The task = What you should copy is the line containing "(4 alike) : Integrator" and all lines after it in the entries below, exactly and without anything added.

Listed entries =
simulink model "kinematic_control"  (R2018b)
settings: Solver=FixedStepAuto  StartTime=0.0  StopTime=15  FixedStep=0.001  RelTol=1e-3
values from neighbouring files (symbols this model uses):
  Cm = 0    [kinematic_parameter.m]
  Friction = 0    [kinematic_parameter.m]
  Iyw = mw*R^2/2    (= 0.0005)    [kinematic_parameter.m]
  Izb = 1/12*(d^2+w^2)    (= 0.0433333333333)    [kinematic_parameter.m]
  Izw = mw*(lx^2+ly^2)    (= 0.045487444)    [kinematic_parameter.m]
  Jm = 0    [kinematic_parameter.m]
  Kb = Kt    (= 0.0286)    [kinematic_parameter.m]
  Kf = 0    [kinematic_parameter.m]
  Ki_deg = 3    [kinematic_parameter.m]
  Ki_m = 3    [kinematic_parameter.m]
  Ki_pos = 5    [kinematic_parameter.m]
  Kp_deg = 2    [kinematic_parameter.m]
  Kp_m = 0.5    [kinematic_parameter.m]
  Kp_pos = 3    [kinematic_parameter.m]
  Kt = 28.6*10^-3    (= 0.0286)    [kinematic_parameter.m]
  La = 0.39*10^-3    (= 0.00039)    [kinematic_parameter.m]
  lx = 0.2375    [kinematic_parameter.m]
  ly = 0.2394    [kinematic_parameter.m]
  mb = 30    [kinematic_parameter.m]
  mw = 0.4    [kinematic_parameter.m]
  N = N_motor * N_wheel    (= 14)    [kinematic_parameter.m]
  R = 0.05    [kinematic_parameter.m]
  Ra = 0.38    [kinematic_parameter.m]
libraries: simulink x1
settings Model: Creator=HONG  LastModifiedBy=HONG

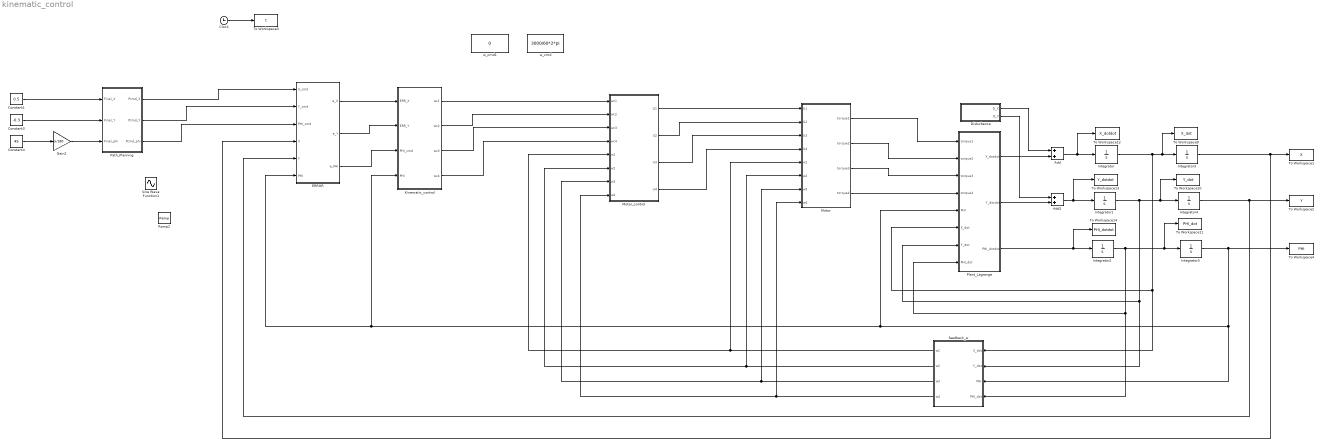
== system kinematic_control ==
  Add : Sum
  Add1 : Sum
  Clock : Clock
  Constant1 : Constant  Value=0.5
  Constant3 : Constant  Value=-0.3
  Constant4 : Constant  Value=45
  Disturbance : Subsystem
  ERROR : Subsystem
  Gain2 : Gain  Gain=pi/180
  Integrator{,1..5} (6 alike) : Integrator
  Kinematic_control : Subsystem
  Motor : Subsystem
  Motor_control : Subsystem
  Path_Planning : Subsystem
  Plant_Lagrange : Subsystem
  Ramp2 : simulink/Sources/Ramp  slope=1.2  start=0  InitialOutput=0
  Sine Wave Function1 : Sin  TimeSource=Use external signal  Frequency=pi  SampleTime=0
  To Workspace1 : ToWorkspace  VariableName=X  SampleTime=-1
  To Workspace10 : ToWorkspace  VariableName=Y_dot  SampleTime=-1
  To Workspace11 : ToWorkspace  VariableName=PHI_dot  SampleTime=-1
  To Workspace12 : ToWorkspace  VariableName=X_dotdot  SampleTime=-1
  To Workspace13 : ToWorkspace  VariableName=Y_dotdot  SampleTime=-1
  To Workspace14 : ToWorkspace  VariableName=PHI_dotdot  SampleTime=-1
  To Workspace2 : ToWorkspace  VariableName=Y  SampleTime=-1
  To Workspace3 : ToWorkspace  VariableName=t  SampleTime=-1
  To Workspace4 : ToWorkspace  VariableName=PHI  SampleTime=-1
  To Workspace9 : ToWorkspace  VariableName=X_dot  SampleTime=-1
  feedback_w : Subsystem
  w_cmd : Constant  Value=3000/60*2*pi
  w_cmd1 : Constant  Value=0
  wires:
  Integrator/1 -> To Workspace9/1, Integrator3/1, feedback_w/1(X_dot), Plant_Lagrange/6(X_dot)
  Integrator1/1 -> feedback_w/2(Y_dot), Plant_Lagrange/7(Y_dot), To Workspace10/1, Integrator4/1
  Integrator5/1 -> To Workspace4/1, feedback_w/3(PHI), ERROR/6(PHI), Kinematic_control/4(PHI), Plant_Lagrange/5(PHI)
  Integrator4/1 -> To Workspace2/1, ERROR/5(Y)
  Integrator3/1 -> ERROR/4(X), To Workspace1/1
  Plant_Lagrange/3(PHI_dotdot) -> Integrator2/1, To Workspace14/1
  Add/1 -> Integrator/1, To Workspace12/1
  Add1/1 -> Integrator1/1, To Workspace13/1
  Plant_Lagrange/1(X_dotdot) -> Add/2
  Plant_Lagrange/2(Y_dotdot) -> Add1/2
  Disturbance/2(D_Y) -> Add1/1
  Disturbance/1(D_X) -> Add/1
  Integrator2/1 -> Integrator5/1, To Workspace11/1, feedback_w/4(PHI_dot), Plant_Lagrange/8(PHI_dot)
  Clock/1 -> To Workspace3/1
  Motor/1(torque1) -> Plant_Lagrange/1("torque1 ")
  Motor/2(torque2) -> Plant_Lagrange/2("torque2 ")
  Motor/3(torque3) -> Plant_Lagrange/3(torque3)
  Motor/4(torque4) -> Plant_Lagrange/4(torque4)
  feedback_w/1(w1) -> Motor_control/5(w1), Motor/5(w1)
  feedback_w/2(w2) -> Motor_control/6(w2), Motor/6(w2)
  feedback_w/3(w3) -> Motor_control/7(w3), Motor/7(w3)
  feedback_w/4(w4) -> Motor_control/8(w4), Motor/8(w4)
  Motor_control/1(U1) -> Motor/1(U1)
  Motor_control/2(U2) -> Motor/2(U2)
  Motor_control/3(U3) -> Motor/3(U3)
  Motor_control/4(U4) -> Motor/4(U4)
  ERROR/1(e_X) -> Kinematic_control/1(ERR_X)
  ERROR/2(e_Y) -> Kinematic_control/2(ERR_Y)
  ERROR/3(e_PHI) -> Kinematic_control/3(PHI_cmd)
  Path_Planning/1(Pcmd_X) -> ERROR/1(X_cmd)
  Path_Planning/2(Pcmd_Y) -> ERROR/2(Y_cmd)
  Path_Planning/3(Pcmd_phi) -> ERROR/3(PHI_cmd)
  Kinematic_control/1(wc1) -> Motor_control/1(wc1)
  Kinematic_control/2(wc2) -> Motor_control/2(wc2)
  Kinematic_control/3(wc3) -> Motor_control/3(wc3)
  Kinematic_control/4(wc4) -> Motor_control/4(wc4)
  Constant4/1 -> Gain2/1
  Constant3/1 -> Path_Planning/2(Final_Y)
  Constant1/1 -> Path_Planning/1(Final_X)
  Gain2/1 -> Path_Planning/3(Final_phi)

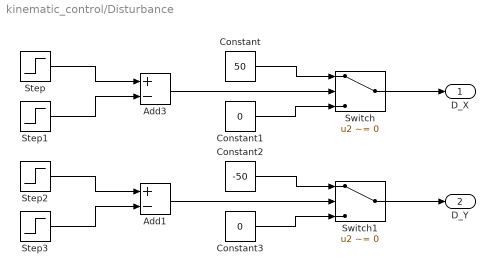
== system kinematic_control/Disturbance ==
  Add1 : Sum  Inputs=+-
  Add3 : Sum  Inputs=+-
  Constant : Constant  Value=50
  Constant1 : Constant  Value=0
  Constant2 : Constant  Value=-50
  Constant3 : Constant  Value=0
  Step{,1..3} (4 alike) : Step  Time=0  SampleTime=0
  Switch : Switch  Criteria=u2 ~= 0
  Switch1 : Switch  Criteria=u2 ~= 0
  D_X : Outport
  D_Y : Outport  Port=2
  wires:
  Add3/1 -> Switch/2
  Step1/1 -> Add3/2
  Step/1 -> Add3/1
  Constant/1 -> Switch/1
  Constant1/1 -> Switch/3
  Switch/1 -> D_X/1
  Constant2/1 -> Switch1/1
  Add1/1 -> Switch1/2
  Step2/1 -> Add1/1
  Switch1/1 -> D_Y/1
  Step3/1 -> Add1/2
  Constant3/1 -> Switch1/3

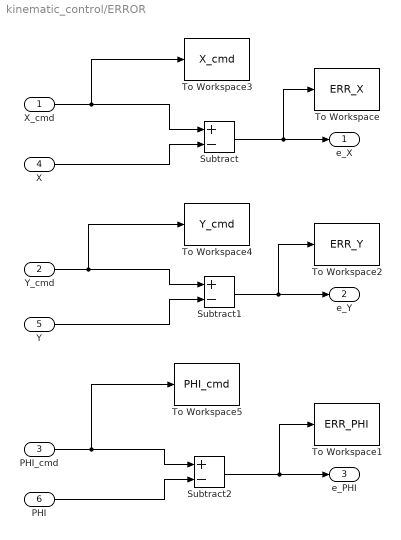
== system kinematic_control/ERROR ==
  X_cmd : Inport
  Y_cmd : Inport  Port=2
  PHI_cmd : Inport  Port=3
  X : Inport  Port=4
  Y : Inport  Port=5
  PHI : Inport  Port=6
  Subtract : Sum  Inputs=+-
  Subtract1 : Sum  Inputs=+-
  Subtract2 : Sum  Inputs=+-
  To Workspace : ToWorkspace  VariableName=ERR_X  SampleTime=-1
      settings: Save2DSignal=2-D array (concatenate along first dimension)
  To Workspace1 : ToWorkspace  VariableName=ERR_PHI  SampleTime=-1
      settings: Save2DSignal=2-D array (concatenate along first dimension)
  To Workspace2 : ToWorkspace  VariableName=ERR_Y  SampleTime=-1
      settings: Save2DSignal=2-D array (concatenate along first dimension)
  To Workspace3 : ToWorkspace  VariableName=X_cmd  SampleTime=-1
      settings: Save2DSignal=2-D array (concatenate along first dimension)
  To Workspace4 : ToWorkspace  VariableName=Y_cmd  SampleTime=-1
      settings: Save2DSignal=2-D array (concatenate along first dimension)
  To Workspace5 : ToWorkspace  VariableName=PHI_cmd  SampleTime=-1
      settings: Save2DSignal=2-D array (concatenate along first dimension)
  e_X : Outport
  e_Y : Outport  Port=2
  e_PHI : Outport  Port=3
  wires:
  X_cmd/1 -> To Workspace3/1, Subtract/1
  Subtract/1 -> To Workspace/1, e_X/1
  X/1 -> Subtract/2
  Y_cmd/1 -> To Workspace4/1, Subtract1/1
  Y/1 -> Subtract1/2
  Subtract1/1 -> To Workspace2/1, e_Y/1
  Subtract2/1 -> To Workspace1/1, e_PHI/1
  PHI_cmd/1 -> To Workspace5/1, Subtract2/1
  PHI/1 -> Subtract2/2

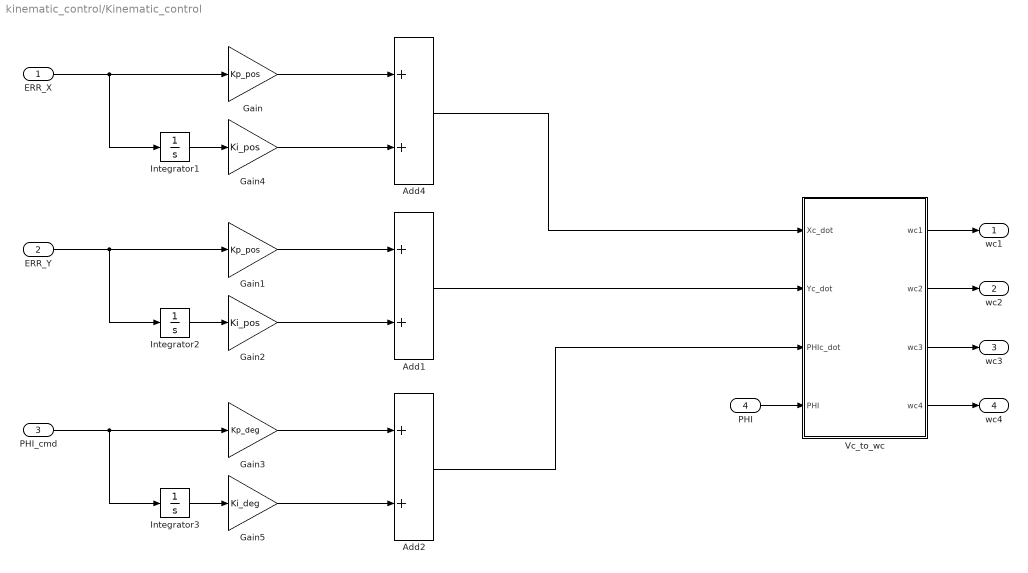
== system kinematic_control/Kinematic_control ==
  ERR_X : Inport
  ERR_Y : Inport  Port=2
  PHI_cmd : Inport  Port=3
  PHI : Inport  Port=4
  Add1 : Sum
  Add2 : Sum
  Add4 : Sum
  Gain : Gain  Gain=Kp_pos
  Gain1 : Gain  Gain=Kp_pos
  Gain2 : Gain  Gain=Ki_pos
  Gain3 : Gain  Gain=Kp_deg
  Gain4 : Gain  Gain=Ki_pos
  Gain5 : Gain  Gain=Ki_deg
  Integrator1 : Integrator
  Integrator2 : Integrator
  Integrator3 : Integrator
  Vc_to_wc : Subsystem
  wc1 : Outport
  wc2 : Outport  Port=2
  wc3 : Outport  Port=3
  wc4 : Outport  Port=4
  wires:
  Vc_to_wc/1(wc1) -> wc1/1
  Vc_to_wc/2(wc2) -> wc2/1
  Vc_to_wc/3(wc3) -> wc3/1
  Vc_to_wc/4(wc4) -> wc4/1
  Gain/1 -> Add4/1
  ERR_X/1 -> Gain/1, Integrator1/1
  Integrator1/1 -> Gain4/1
  Gain4/1 -> Add4/2
  PHI/1 -> Vc_to_wc/4(PHI)
  Gain1/1 -> Add1/1
  Gain2/1 -> Add1/2
  ERR_Y/1 -> Gain1/1, Integrator2/1
  Integrator2/1 -> Gain2/1
  Integrator3/1 -> Gain5/1
  Gain3/1 -> Add2/1
  Gain5/1 -> Add2/2
  PHI_cmd/1 -> Gain3/1, Integrator3/1
  Add4/1 -> Vc_to_wc/1(Xc_dot)
  Add1/1 -> Vc_to_wc/2(Yc_dot)
  Add2/1 -> Vc_to_wc/3(PHIc_dot)

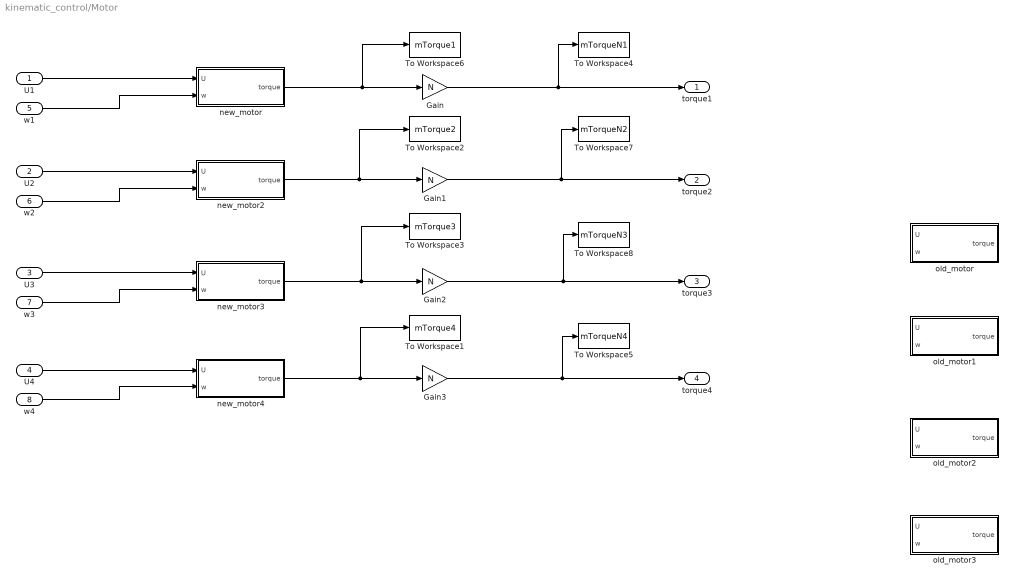
== system kinematic_control/Motor ==
  U1 : Inport
  U2 : Inport  Port=2
  U3 : Inport  Port=3
  U4 : Inport  Port=4
  w1 : Inport  Port=5
  w2 : Inport  Port=6
  w3 : Inport  Port=7
  w4 : Inport  Port=8
  Gain{,1..3} (4 alike) : Gain  Gain=N
  To Workspace1 : ToWorkspace  VariableName=mTorque4  SampleTime=-1
  To Workspace2 : ToWorkspace  VariableName=mTorque2  SampleTime=-1
  To Workspace3 : ToWorkspace  VariableName=mTorque3  SampleTime=-1
  To Workspace4 : ToWorkspace  VariableName=mTorqueN1  SampleTime=-1
  To Workspace5 : ToWorkspace  VariableName=mTorqueN4  SampleTime=-1
  To Workspace6 : ToWorkspace  VariableName=mTorque1  SampleTime=-1
  To Workspace7 : ToWorkspace  VariableName=mTorqueN2  SampleTime=-1
  To Workspace8 : ToWorkspace  VariableName=mTorqueN3  SampleTime=-1
  new_motor : Subsystem
  new_motor2 : Subsystem
  new_motor3 : Subsystem
  new_motor4 : Subsystem
  old_motor : Subsystem
  old_motor1 : Subsystem
  old_motor2 : Subsystem
  old_motor3 : Subsystem
  torque1 : Outport
  torque2 : Outport  Port=2
  torque3 : Outport  Port=3
  torque4 : Outport  Port=4
  wires:
  U1/1 -> new_motor/1(U)
  w1/1 -> new_motor/2(w)
  w2/1 -> new_motor2/2(w)
  U2/1 -> new_motor2/1(U)
  U3/1 -> new_motor3/1(U)
  w3/1 -> new_motor3/2(w)
  U4/1 -> new_motor4/1(U)
  w4/1 -> new_motor4/2(w)
  new_motor/1(torque) -> To Workspace6/1, Gain/1
  new_motor2/1(torque) -> To Workspace2/1, Gain1/1
  new_motor3/1(torque) -> To Workspace3/1, Gain2/1
  new_motor4/1(torque) -> Gain3/1, To Workspace1/1
  Gain1/1 -> To Workspace7/1, torque2/1
  Gain2/1 -> To Workspace8/1, torque3/1
  Gain3/1 -> To Workspace5/1, torque4/1
  Gain/1 -> To Workspace4/1, torque1/1

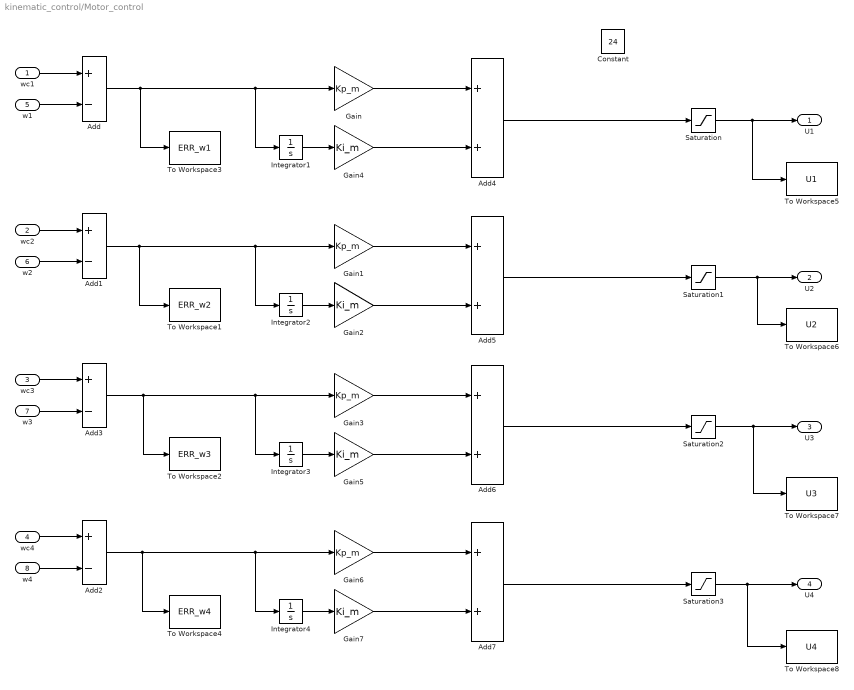
== system kinematic_control/Motor_control ==
  wc1 : Inport
  wc2 : Inport  Port=2
  wc3 : Inport  Port=3
  wc4 : Inport  Port=4
  w1 : Inport  Port=5
  w2 : Inport  Port=6
  w3 : Inport  Port=7
  w4 : Inport  Port=8
  Add{,1..3} (4 alike) : Sum  Inputs=+-
  Add{4..7} (4 alike) : Sum
  Constant : Constant  Value=24
  Gain{,1,3,6} (4 alike) : Gain  Gain=Kp_m
  Gain{2,4..5,7} (4 alike) : Gain  Gain=Ki_m
  Integrator{1..4} (4 alike) : Integrator
  Saturation{,1..3} (4 alike) : Saturate  UpperLimit=24  LowerLimit=-24
  To Workspace1 : ToWorkspace  VariableName=ERR_w2  SampleTime=-1
      settings: Save2DSignal=2-D array (concatenate along first dimension)
  To Workspace2 : ToWorkspace  VariableName=ERR_w3  SampleTime=-1
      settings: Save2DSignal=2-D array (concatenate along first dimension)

Result =
  Integrator{1..4} (4 alike) : Integrator
  Saturation{,1..3} (4 alike) : Saturate  UpperLimit=24  LowerLimit=-24
  To Workspace1 : ToWorkspace  VariableName=ERR_w2  SampleTime=-1
      settings: Save2DSignal=2-D array (concatenate along first dimension)
  To Workspace2 : ToWorkspace  VariableName=ERR_w3  SampleTime=-1
      settings: Save2DSignal=2-D array (concatenate along first dimension)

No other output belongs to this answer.